- Dataset entries

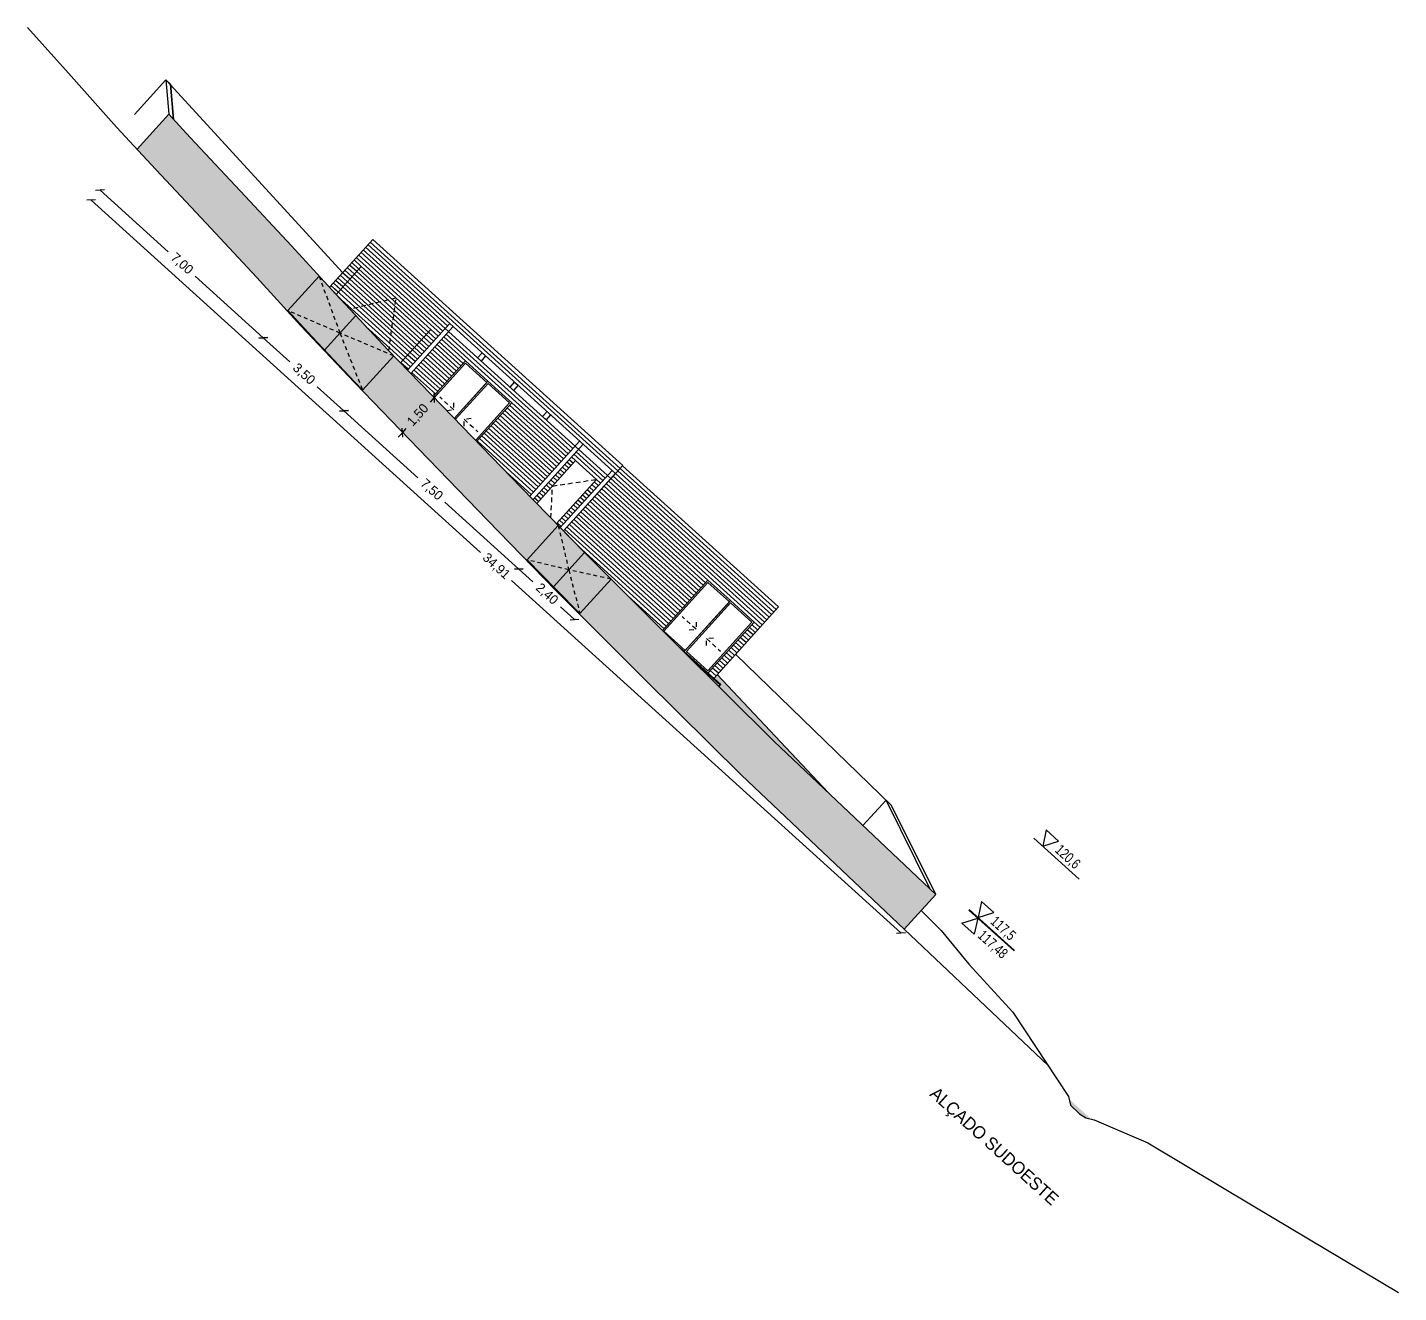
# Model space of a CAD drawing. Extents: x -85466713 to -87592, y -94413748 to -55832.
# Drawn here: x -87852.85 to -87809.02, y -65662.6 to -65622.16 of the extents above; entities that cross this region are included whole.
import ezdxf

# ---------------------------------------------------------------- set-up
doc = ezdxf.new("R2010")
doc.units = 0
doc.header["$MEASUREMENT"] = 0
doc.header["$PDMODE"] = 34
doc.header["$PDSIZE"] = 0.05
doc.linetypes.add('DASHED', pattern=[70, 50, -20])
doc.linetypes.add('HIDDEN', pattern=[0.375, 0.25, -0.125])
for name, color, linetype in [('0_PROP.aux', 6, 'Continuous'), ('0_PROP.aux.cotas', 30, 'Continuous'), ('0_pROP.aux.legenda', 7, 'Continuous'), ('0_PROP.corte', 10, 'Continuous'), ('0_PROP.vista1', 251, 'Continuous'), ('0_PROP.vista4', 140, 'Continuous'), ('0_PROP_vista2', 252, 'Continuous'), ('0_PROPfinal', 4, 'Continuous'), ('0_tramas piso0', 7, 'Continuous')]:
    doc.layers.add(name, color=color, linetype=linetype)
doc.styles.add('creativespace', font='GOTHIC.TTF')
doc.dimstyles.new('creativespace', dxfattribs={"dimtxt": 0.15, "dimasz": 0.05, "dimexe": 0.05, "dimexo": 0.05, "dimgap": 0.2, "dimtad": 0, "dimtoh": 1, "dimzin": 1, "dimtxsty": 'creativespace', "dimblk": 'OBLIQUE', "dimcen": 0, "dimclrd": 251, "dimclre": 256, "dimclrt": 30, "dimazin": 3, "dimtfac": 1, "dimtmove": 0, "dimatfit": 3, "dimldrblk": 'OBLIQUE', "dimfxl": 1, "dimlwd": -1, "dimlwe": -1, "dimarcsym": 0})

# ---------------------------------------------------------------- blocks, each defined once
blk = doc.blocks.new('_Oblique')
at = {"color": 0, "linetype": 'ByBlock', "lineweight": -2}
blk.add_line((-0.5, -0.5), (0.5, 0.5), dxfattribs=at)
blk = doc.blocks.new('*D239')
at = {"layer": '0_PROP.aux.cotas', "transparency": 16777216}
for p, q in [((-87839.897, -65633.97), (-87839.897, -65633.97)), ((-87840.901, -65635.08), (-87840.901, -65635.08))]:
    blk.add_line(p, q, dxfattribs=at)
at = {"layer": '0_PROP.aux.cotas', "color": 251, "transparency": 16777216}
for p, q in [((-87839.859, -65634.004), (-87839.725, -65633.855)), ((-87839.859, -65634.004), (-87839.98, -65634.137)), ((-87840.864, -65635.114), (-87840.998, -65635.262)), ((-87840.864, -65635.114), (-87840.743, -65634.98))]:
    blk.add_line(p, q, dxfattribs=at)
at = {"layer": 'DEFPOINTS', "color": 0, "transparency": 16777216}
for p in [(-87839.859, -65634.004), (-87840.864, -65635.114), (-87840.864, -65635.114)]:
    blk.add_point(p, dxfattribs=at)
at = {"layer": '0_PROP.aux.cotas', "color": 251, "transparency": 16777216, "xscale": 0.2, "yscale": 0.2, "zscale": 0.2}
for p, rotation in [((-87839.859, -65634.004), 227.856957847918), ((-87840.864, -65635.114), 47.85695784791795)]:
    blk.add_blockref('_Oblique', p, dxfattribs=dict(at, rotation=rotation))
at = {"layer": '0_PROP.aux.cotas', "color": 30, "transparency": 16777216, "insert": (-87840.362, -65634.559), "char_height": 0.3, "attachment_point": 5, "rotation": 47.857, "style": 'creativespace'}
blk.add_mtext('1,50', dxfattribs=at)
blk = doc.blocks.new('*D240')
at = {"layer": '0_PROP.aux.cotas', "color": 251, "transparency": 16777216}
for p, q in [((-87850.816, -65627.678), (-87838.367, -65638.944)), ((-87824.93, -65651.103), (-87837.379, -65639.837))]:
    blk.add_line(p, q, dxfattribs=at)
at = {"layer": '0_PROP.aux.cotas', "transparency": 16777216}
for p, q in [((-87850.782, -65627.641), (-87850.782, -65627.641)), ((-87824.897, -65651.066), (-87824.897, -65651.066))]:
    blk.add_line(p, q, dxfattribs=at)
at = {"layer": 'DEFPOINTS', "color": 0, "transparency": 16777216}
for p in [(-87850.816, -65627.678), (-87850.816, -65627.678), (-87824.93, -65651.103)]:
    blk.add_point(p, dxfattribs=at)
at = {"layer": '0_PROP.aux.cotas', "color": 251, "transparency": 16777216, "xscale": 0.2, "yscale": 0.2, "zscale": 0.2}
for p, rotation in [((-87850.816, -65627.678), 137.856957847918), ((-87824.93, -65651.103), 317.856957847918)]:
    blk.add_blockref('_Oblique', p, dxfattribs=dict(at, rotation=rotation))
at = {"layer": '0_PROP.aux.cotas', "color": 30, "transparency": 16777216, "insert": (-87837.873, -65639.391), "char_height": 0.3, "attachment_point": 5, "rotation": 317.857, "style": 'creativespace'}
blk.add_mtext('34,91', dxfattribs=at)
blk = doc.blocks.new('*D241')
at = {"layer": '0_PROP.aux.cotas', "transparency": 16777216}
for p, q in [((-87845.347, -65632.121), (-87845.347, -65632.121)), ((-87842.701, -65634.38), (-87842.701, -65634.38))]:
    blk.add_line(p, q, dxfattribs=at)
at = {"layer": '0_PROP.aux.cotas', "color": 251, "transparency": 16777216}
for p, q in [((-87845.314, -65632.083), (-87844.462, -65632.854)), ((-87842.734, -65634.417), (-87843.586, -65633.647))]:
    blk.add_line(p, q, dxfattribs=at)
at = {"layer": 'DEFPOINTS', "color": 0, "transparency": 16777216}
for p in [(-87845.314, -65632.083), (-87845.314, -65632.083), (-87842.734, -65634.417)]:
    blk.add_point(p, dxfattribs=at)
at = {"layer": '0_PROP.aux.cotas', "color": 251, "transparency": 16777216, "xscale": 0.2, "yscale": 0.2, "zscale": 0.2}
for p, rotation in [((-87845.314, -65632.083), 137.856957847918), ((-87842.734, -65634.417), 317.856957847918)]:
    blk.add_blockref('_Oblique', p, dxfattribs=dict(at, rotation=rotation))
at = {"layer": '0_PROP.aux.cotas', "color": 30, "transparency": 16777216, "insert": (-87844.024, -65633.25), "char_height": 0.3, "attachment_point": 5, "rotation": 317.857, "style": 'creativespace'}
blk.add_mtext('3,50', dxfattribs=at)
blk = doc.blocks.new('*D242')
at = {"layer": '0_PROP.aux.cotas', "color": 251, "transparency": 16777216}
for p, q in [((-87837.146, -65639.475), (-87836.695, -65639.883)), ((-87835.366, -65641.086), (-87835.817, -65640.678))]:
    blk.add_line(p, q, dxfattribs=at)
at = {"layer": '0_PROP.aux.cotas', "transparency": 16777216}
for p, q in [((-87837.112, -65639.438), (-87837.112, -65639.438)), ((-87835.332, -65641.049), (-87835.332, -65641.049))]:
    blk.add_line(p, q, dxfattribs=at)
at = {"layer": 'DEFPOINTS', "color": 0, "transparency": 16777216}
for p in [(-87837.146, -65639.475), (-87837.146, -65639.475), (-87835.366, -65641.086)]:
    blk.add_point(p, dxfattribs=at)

- What needs to be done
Only the records, copied exactly and free of pictures, belong in the answer.

- Written answer
# Model space of a CAD drawing. Extents: x -85466713 to -87592, y -94413748 to -55832.
# Drawn here: x -87852.85 to -87809.02, y -65662.6 to -65622.16 of the extents above; entities that cross this region are included whole.
import ezdxf

# ---------------------------------------------------------------- set-up
doc = ezdxf.new("R2010")
doc.units = 0
doc.header["$MEASUREMENT"] = 0
doc.header["$PDMODE"] = 34
doc.header["$PDSIZE"] = 0.05
doc.linetypes.add('DASHED', pattern=[70, 50, -20])
doc.linetypes.add('HIDDEN', pattern=[0.375, 0.25, -0.125])
for name, color, linetype in [('0_PROP.aux', 6, 'Continuous'), ('0_PROP.aux.cotas', 30, 'Continuous'), ('0_pROP.aux.legenda', 7, 'Continuous'), ('0_PROP.corte', 10, 'Continuous'), ('0_PROP.vista1', 251, 'Continuous'), ('0_PROP.vista4', 140, 'Continuous'), ('0_PROP_vista2', 252, 'Continuous'), ('0_PROPfinal', 4, 'Continuous'), ('0_tramas piso0', 7, 'Continuous')]:
    doc.layers.add(name, color=color, linetype=linetype)
doc.styles.add('creativespace', font='GOTHIC.TTF')
doc.dimstyles.new('creativespace', dxfattribs={"dimtxt": 0.15, "dimasz": 0.05, "dimexe": 0.05, "dimexo": 0.05, "dimgap": 0.2, "dimtad": 0, "dimtoh": 1, "dimzin": 1, "dimtxsty": 'creativespace', "dimblk": 'OBLIQUE', "dimcen": 0, "dimclrd": 251, "dimclre": 256, "dimclrt": 30, "dimazin": 3, "dimtfac": 1, "dimtmove": 0, "dimatfit": 3, "dimldrblk": 'OBLIQUE', "dimfxl": 1, "dimlwd": -1, "dimlwe": -1, "dimarcsym": 0})

# ---------------------------------------------------------------- blocks, each defined once
blk = doc.blocks.new('_Oblique')
at = {"color": 0, "linetype": 'ByBlock', "lineweight": -2}
blk.add_line((-0.5, -0.5), (0.5, 0.5), dxfattribs=at)
blk = doc.blocks.new('*D239')
at = {"layer": '0_PROP.aux.cotas', "transparency": 16777216}
for p, q in [((-87839.897, -65633.97), (-87839.897, -65633.97)), ((-87840.901, -65635.08), (-87840.901, -65635.08))]:
    blk.add_line(p, q, dxfattribs=at)
at = {"layer": '0_PROP.aux.cotas', "color": 251, "transparency": 16777216}
for p, q in [((-87839.859, -65634.004), (-87839.725, -65633.855)), ((-87839.859, -65634.004), (-87839.98, -65634.137)), ((-87840.864, -65635.114), (-87840.998, -65635.262)), ((-87840.864, -65635.114), (-87840.743, -65634.98))]:
    blk.add_line(p, q, dxfattribs=at)
at = {"layer": 'DEFPOINTS', "color": 0, "transparency": 16777216}
for p in [(-87839.859, -65634.004), (-87840.864, -65635.114), (-87840.864, -65635.114)]:
    blk.add_point(p, dxfattribs=at)
at = {"layer": '0_PROP.aux.cotas', "color": 251, "transparency": 16777216, "xscale": 0.2, "yscale": 0.2, "zscale": 0.2}
for p, rotation in [((-87839.859, -65634.004), 227.856957847918), ((-87840.864, -65635.114), 47.85695784791795)]:
    blk.add_blockref('_Oblique', p, dxfattribs=dict(at, rotation=rotation))
at = {"layer": '0_PROP.aux.cotas', "color": 30, "transparency": 16777216, "insert": (-87840.362, -65634.559), "char_height": 0.3, "attachment_point": 5, "rotation": 47.857, "style": 'creativespace'}
blk.add_mtext('1,50', dxfattribs=at)
blk = doc.blocks.new('*D240')
at = {"layer": '0_PROP.aux.cotas', "color": 251, "transparency": 16777216}
for p, q in [((-87850.816, -65627.678), (-87838.367, -65638.944)), ((-87824.93, -65651.103), (-87837.379, -65639.837))]:
    blk.add_line(p, q, dxfattribs=at)
at = {"layer": '0_PROP.aux.cotas', "transparency": 16777216}
for p, q in [((-87850.782, -65627.641), (-87850.782, -65627.641)), ((-87824.897, -65651.066), (-87824.897, -65651.066))]:
    blk.add_line(p, q, dxfattribs=at)
at = {"layer": 'DEFPOINTS', "color": 0, "transparency": 16777216}
for p in [(-87850.816, -65627.678), (-87850.816, -65627.678), (-87824.93, -65651.103)]:
    blk.add_point(p, dxfattribs=at)
at = {"layer": '0_PROP.aux.cotas', "color": 251, "transparency": 16777216, "xscale": 0.2, "yscale": 0.2, "zscale": 0.2}
for p, rotation in [((-87850.816, -65627.678), 137.856957847918), ((-87824.93, -65651.103), 317.856957847918)]:
    blk.add_blockref('_Oblique', p, dxfattribs=dict(at, rotation=rotation))
at = {"layer": '0_PROP.aux.cotas', "color": 30, "transparency": 16777216, "insert": (-87837.873, -65639.391), "char_height": 0.3, "attachment_point": 5, "rotation": 317.857, "style": 'creativespace'}
blk.add_mtext('34,91', dxfattribs=at)
blk = doc.blocks.new('*D241')
at = {"layer": '0_PROP.aux.cotas', "transparency": 16777216}
for p, q in [((-87845.347, -65632.121), (-87845.347, -65632.121)), ((-87842.701, -65634.38), (-87842.701, -65634.38))]:
    blk.add_line(p, q, dxfattribs=at)
at = {"layer": '0_PROP.aux.cotas', "color": 251, "transparency": 16777216}
for p, q in [((-87845.314, -65632.083), (-87844.462, -65632.854)), ((-87842.734, -65634.417), (-87843.586, -65633.647))]:
    blk.add_line(p, q, dxfattribs=at)
at = {"layer": 'DEFPOINTS', "color": 0, "transparency": 16777216}
for p in [(-87845.314, -65632.083), (-87845.314, -65632.083), (-87842.734, -65634.417)]:
    blk.add_point(p, dxfattribs=at)
at = {"layer": '0_PROP.aux.cotas', "color": 251, "transparency": 16777216, "xscale": 0.2, "yscale": 0.2, "zscale": 0.2}
for p, rotation in [((-87845.314, -65632.083), 137.856957847918), ((-87842.734, -65634.417), 317.856957847918)]:
    blk.add_blockref('_Oblique', p, dxfattribs=dict(at, rotation=rotation))
at = {"layer": '0_PROP.aux.cotas', "color": 30, "transparency": 16777216, "insert": (-87844.024, -65633.25), "char_height": 0.3, "attachment_point": 5, "rotation": 317.857, "style": 'creativespace'}
blk.add_mtext('3,50', dxfattribs=at)
blk = doc.blocks.new('*D242')
at = {"layer": '0_PROP.aux.cotas', "color": 251, "transparency": 16777216}
for p, q in [((-87837.146, -65639.475), (-87836.695, -65639.883)), ((-87835.366, -65641.086), (-87835.817, -65640.678))]:
    blk.add_line(p, q, dxfattribs=at)
at = {"layer": '0_PROP.aux.cotas', "transparency": 16777216}
for p, q in [((-87837.112, -65639.438), (-87837.112, -65639.438)), ((-87835.332, -65641.049), (-87835.332, -65641.049))]:
    blk.add_line(p, q, dxfattribs=at)
at = {"layer": 'DEFPOINTS', "color": 0, "transparency": 16777216}
for p in [(-87837.146, -65639.475), (-87837.146, -65639.475), (-87835.366, -65641.086)]:
    blk.add_point(p, dxfattribs=at)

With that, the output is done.